Very nice explanation. I think that sums things up very clearly.


----------



## clovis

SeanGAR...
I did not know much about the "fiasco"...
However, I must say your presentation of the events was great. Metaphor, simile, analogy... whatever the heck (I ain't no English Lit. type...more the science type), your story made me laugh. 
Learning plus entertainment, what more could one want here at CS?


----------



## partagaspete

SeanGAR said:


> Once upon a time, in a land far, far away there lived two groups of cigar smoking primates. One family lived on the plains, they were the baboons. The other family dwelled in the jungle. This jungle family was a happy family, and the gorillas, chimps and spider monkeys in the family got along well. Food was plentiful, they liked to share, and they were a happy bunch. The baboons were not happy however. Life on the plains was tough, with lions often eating them and spitting out their bones. Their favorite passtimes were backbiting, to remove parasites, and playing with their feces. From time to time they would invade the jungle, throwing feces at the inhabitants, and then with howls, hoots and chatters, they would run back to their holes, that they called home, and giggle about their brave feces-throwing exploits. Inhabitants of the jungle would scratch their heads and shrug it off as a reminder of how much better it is to live in the jungle than on the plain.


Thanks...I think I get it


----------



## paperfireman

Ok i know i will get flamed for this but can you buy a cuban in Europe and then bring it here? Or do you have to sneak it in?


----------



## coppertop

paperfireman said:


> Ok i know i will get flamed for this but can you buy a cuban in Europe and then bring it here? Or do you have to sneak it in?


It is illegal to bring Cubans into the states...so to answer your question....SNEAK


----------



## partagaspete

Basically we focus on the cigars because they are Cuba's main export. We (The US) has a complete trade embargo against Cuba. This means it is illegal to import any cuban products to the states.

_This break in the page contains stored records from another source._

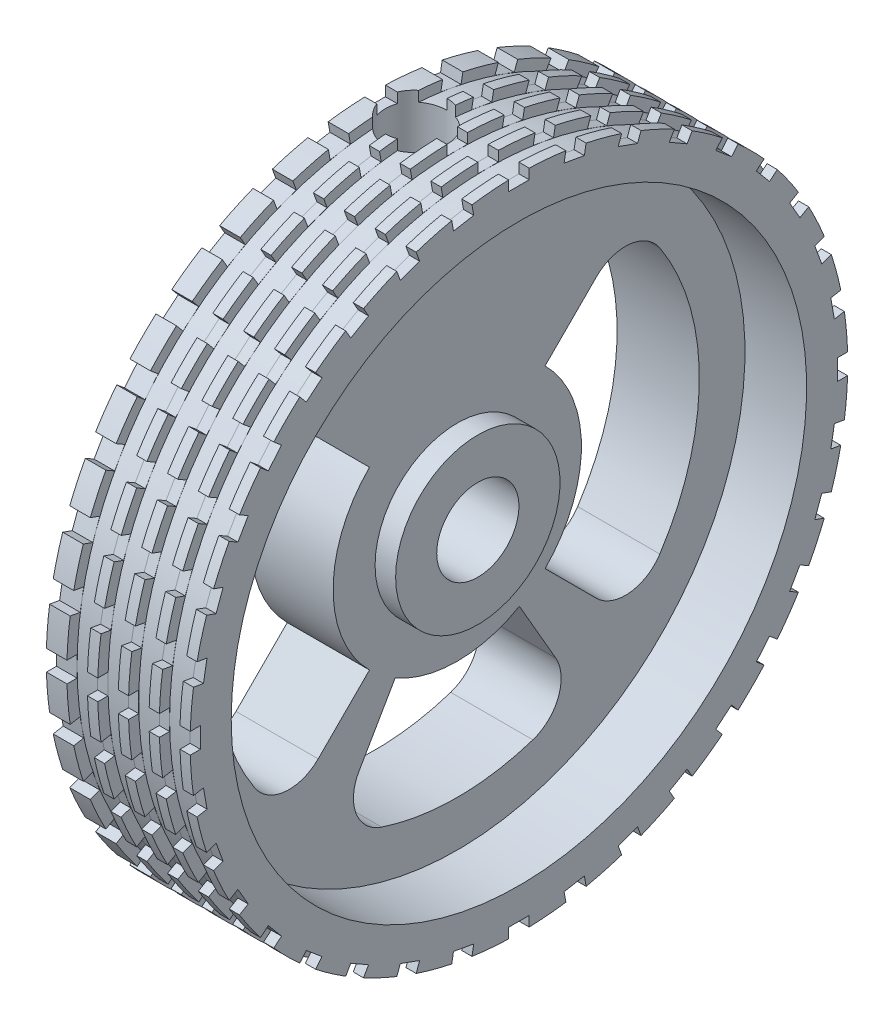
SolidWorks part; units mm, degrees
ref_plane "Front Plane" through (0, 0, 0) normal (0, 0, 1) x (1, 0, 0)
ref_plane "Top Plane" through (0, 0, 0) normal (0, 1, 0) x (1, 0, 0)
ref_plane "Right Plane" through (0, 0, 0) normal (1, 0, 0) x (0, 0, -1)
sketch "Sketch1" plane through (0, 0, 0) normal (0, 0, 1) x (1, 0, 0)
  line L0 (0, 0) -> (11.194, 0) construction
  line L1 (0, 2) -> (5, 2)
  line L2 (0, 2) -> (0, 16)
  line L3 (0, 16) -> (7, 16)
  line L4 (5, 2) -> (5, 4)
  line L5 (5, 4) -> (4, 4)
  line L6 (4, 4) -> (4, 14)
  line L7 (4, 14) -> (7, 14)
  line L8 (7, 14) -> (7, 16)
  point P5 (5.5, 14)
  dimension "D1" = 5
  dimension "D2" = 7
  dimension "D3" = 4
  dimension "D4" = 8
  dimension "D5" = 4
  dimension "D6" = 28
  dimension "D7" = 32
revolve "Revolve1" add sketch "Sketch1" angle 360 about L0
sketch "Sketch3" plane through (0, 0, 0) normal (0, 0, 1) x (1, 0, 0)
  line L0 (0, 0) -> (7.5349, 0) construction
  line L1 (2, 0) -> (2, 16)
  line L2 (7, 16) -> (0, 16) construction
  line L3 (2, 16) -> (3.5, 16)
  line L4 (3.5, 16) -> (3.5, 11.5)
  line L5 (3.5, 11.5) -> (2.9, 11.5)
  line L6 (2.9, 11.5) -> (2.9, 0)
  line L7 (2.9, 0) -> (2, 0)
  line L8 (2, 16) -> (2, 0) construction
  line L9 (2, 0) -> (2, 22.7436) construction
  dimension "D1" = 2
  dimension "D2" = 4.5
  dimension "D3" = 3
  dimension "D4" = 1.8
revolve "Cut-Revolve1" cut sketch "Sketch3" angle 360 about L9
sketch "Sketch4" plane through (0, 0, 0) normal (1, 0, 0) x (0, 0, -1)
  line L0 (0, 11.7788) -> (0, -11.7788) construction
  line L1 (-3.0209, 5.2323) -> (-5.8894, 10.2007)
  line L2 (3.0209, 5.2323) -> (5.8894, 10.2007)
  line L3 (0, 0) -> (14, 0) construction
  line L4 (14, 0) -> (-11.7788, 0) construction
  line L5 (3.0209, -5.2323) -> (5.8894, -10.2007)
  line L6 (-3.0209, -5.2323) -> (-5.8894, -10.2007)
  line L7 (-8.3289, -8.3289) -> (-4.2722, -4.2722)
  line L8 (-8.3289, 8.3289) -> (-4.2722, 4.2722)
  line L9 (8.3289, -8.3289) -> (4.2722, -4.2722)
  line L10 (8.3289, 8.3289) -> (4.2722, 4.2722)
  circle A0 centre (0, 0) radius 6.0418
  circle A1 centre (0, 0) radius 11.7788
  circle A2 centre (0, 0) radius 14 construction
  dimension "D1" = 30
  dimension "D2" = 45
extrude "Cut-Extrude4" cut sketch "Sketch4" along direction (-1, 0, 0) on the side of the normal through all contours L9 A1 L10 A0 | L6 A1 L5 A0 | L8 A1 L7 A0 region at (0, 0, 8.2992) region at (0, 0, -8.2992) region at (0, -8.8026, 0)
sketch "Sketch6" plane through (0, 0, 0) normal (0, 1, 0) x (1, 0, 0)
  line L9 (0, 0) -> (7, 0) construction
  line L13 (5.5, 16) -> (5.5, 15.5)
  line L16 (7, -16) -> (7, 16) construction
  line L17 (5.5, 16) -> (6.5, 16)
  line L18 (7, 16) -> (0, 16) construction
  line L19 (6.5, 16) -> (6.5, 15.5)
  line L20 (6.5, 15.5) -> (5.5, 15.5)
  dimension "D1" = 0.5
  dimension "D2" = 0.5
  dimension "D3" = 1
revolve "Cut-Revolve2" cut sketch "Sketch6" angle 360 about L9
sketch "Sketch7" plane through (0, 0, 0) normal (0, 1, 0) x (1, 0, 0)
  line L0 (7, -14) -> (7, 14) construction
  line L1 (0, 0.5) -> (7, 0.5)
  line L2 (0, 0.5) -> (0, -0.5)
  line L3 (0, -0.5) -> (7, -0.5)
  line L4 (7, 0.5) -> (7, -0.5)
  point P7 (0, 0)
  dimension "D1" = 1
extrude "Cut-Extrude5" cut sketch "Sketch7" along normal blind 20 from offset 15.5
pattern_circular "CirPattern1" count 36 over 360 about axis through (0, 0, 0) along (-1, 0, 0) of "Cut-Extrude5"
pattern_linear "LPattern1" count 4 spacing 1.5 along (-1, 0, 0) of "Cut-Revolve2"
fillet "Fillet1" radius 2 1 edges at (2, 8.3289, 8.3289)
fillet "Fillet2" radius 2 1 edges at (2, -8.3289, 8.3289)
fillet "Fillet3" radius 2 1 edges at (2, -10.2007, 5.8894)
fillet "Fillet4" radius 2 1 edges at (2, -10.2007, -5.8894)
fillet "Fillet5" radius 2 1 edges at (2, -8.3289, -8.3289)
fillet "Fillet6" radius 2 1 edges at (2, 8.3289, -8.3289)

The only exception I am aware as is for diplomats. Correct me if I am wrong guys.

T


----------



## LeafHog

coppertop said:


> It is illegal to bring Cubans into the states...so to answer your question....SNEAK


If I read the new restrictions right, it is also illegal for a US citizen to purchase any Cuban product in a foreign country.


----------



## croatan

LeafHog said:


> If I read the new restrictions right, it is also illegal for a US citizen to purchase any Cuban product in a foreign country.


That is correct.

Here's a link to An overview of the Cuban Assets Control Regulations


----------



## IHT

partagaspete said:


> The only exception I am aware as is for diplomats. Correct me if I am wrong guys.
> T


that has since been changed as of last August. not even "diplomats" are allowed that exemption (did a paper on it last year).


----------



## MoTheMan

IHT said:


> that has since been changed as of last August. not even "diplomats" are allowed that exemption (did a paper on it last year).


Yup! They've even cracked down on Diplomats (a lot of this because of 9-11 and the general conservative policies of the current government admin.). But, as a courtesy, they'll sometimes look the other way when someone waves a Diplomatic Passport on entering the US.


----------



## croatan

MoTheMan said:


> Yup! They've even cracked down on Diplomats (a lot of this because of 9-11 and the general conservative policies of the current government admin.). But, as a courtesy, they'll sometimes look the other way when someone waves a Diplomatic Passport on entering the US.


 And I guess sending cigars via diplomatic pouch might be an abuse of the office


----------



## woodrowr

altbier said:


> There is a post around here with a guy from Canada selling some cubans. He just got back from Cuba and had all the labels and everything to prove they were real!
> 
> Just spend some time in the archives, I think he posted last month!


If you're referring to me: it was more an inquiry about selling rather than trying to actually make a sale, and I have certainly learned my lesson. I have also learned quite a bit (here and on another - more Canadian - board) and met some aficiandos in person.

As of now: I'm still here. Still learning. Not selling. Big time on the "slippery slope". What started as an innocent question seems to be turning into an expensive hobby.


----------



## NCRadioMan

No woodrow, not you. Another canadian a few weeks before you signed up.


:ms NCRM


----------



## beekalt

I, too, am new to this board, but not new to posting. I'm a casual cigar smoker, 11 years now.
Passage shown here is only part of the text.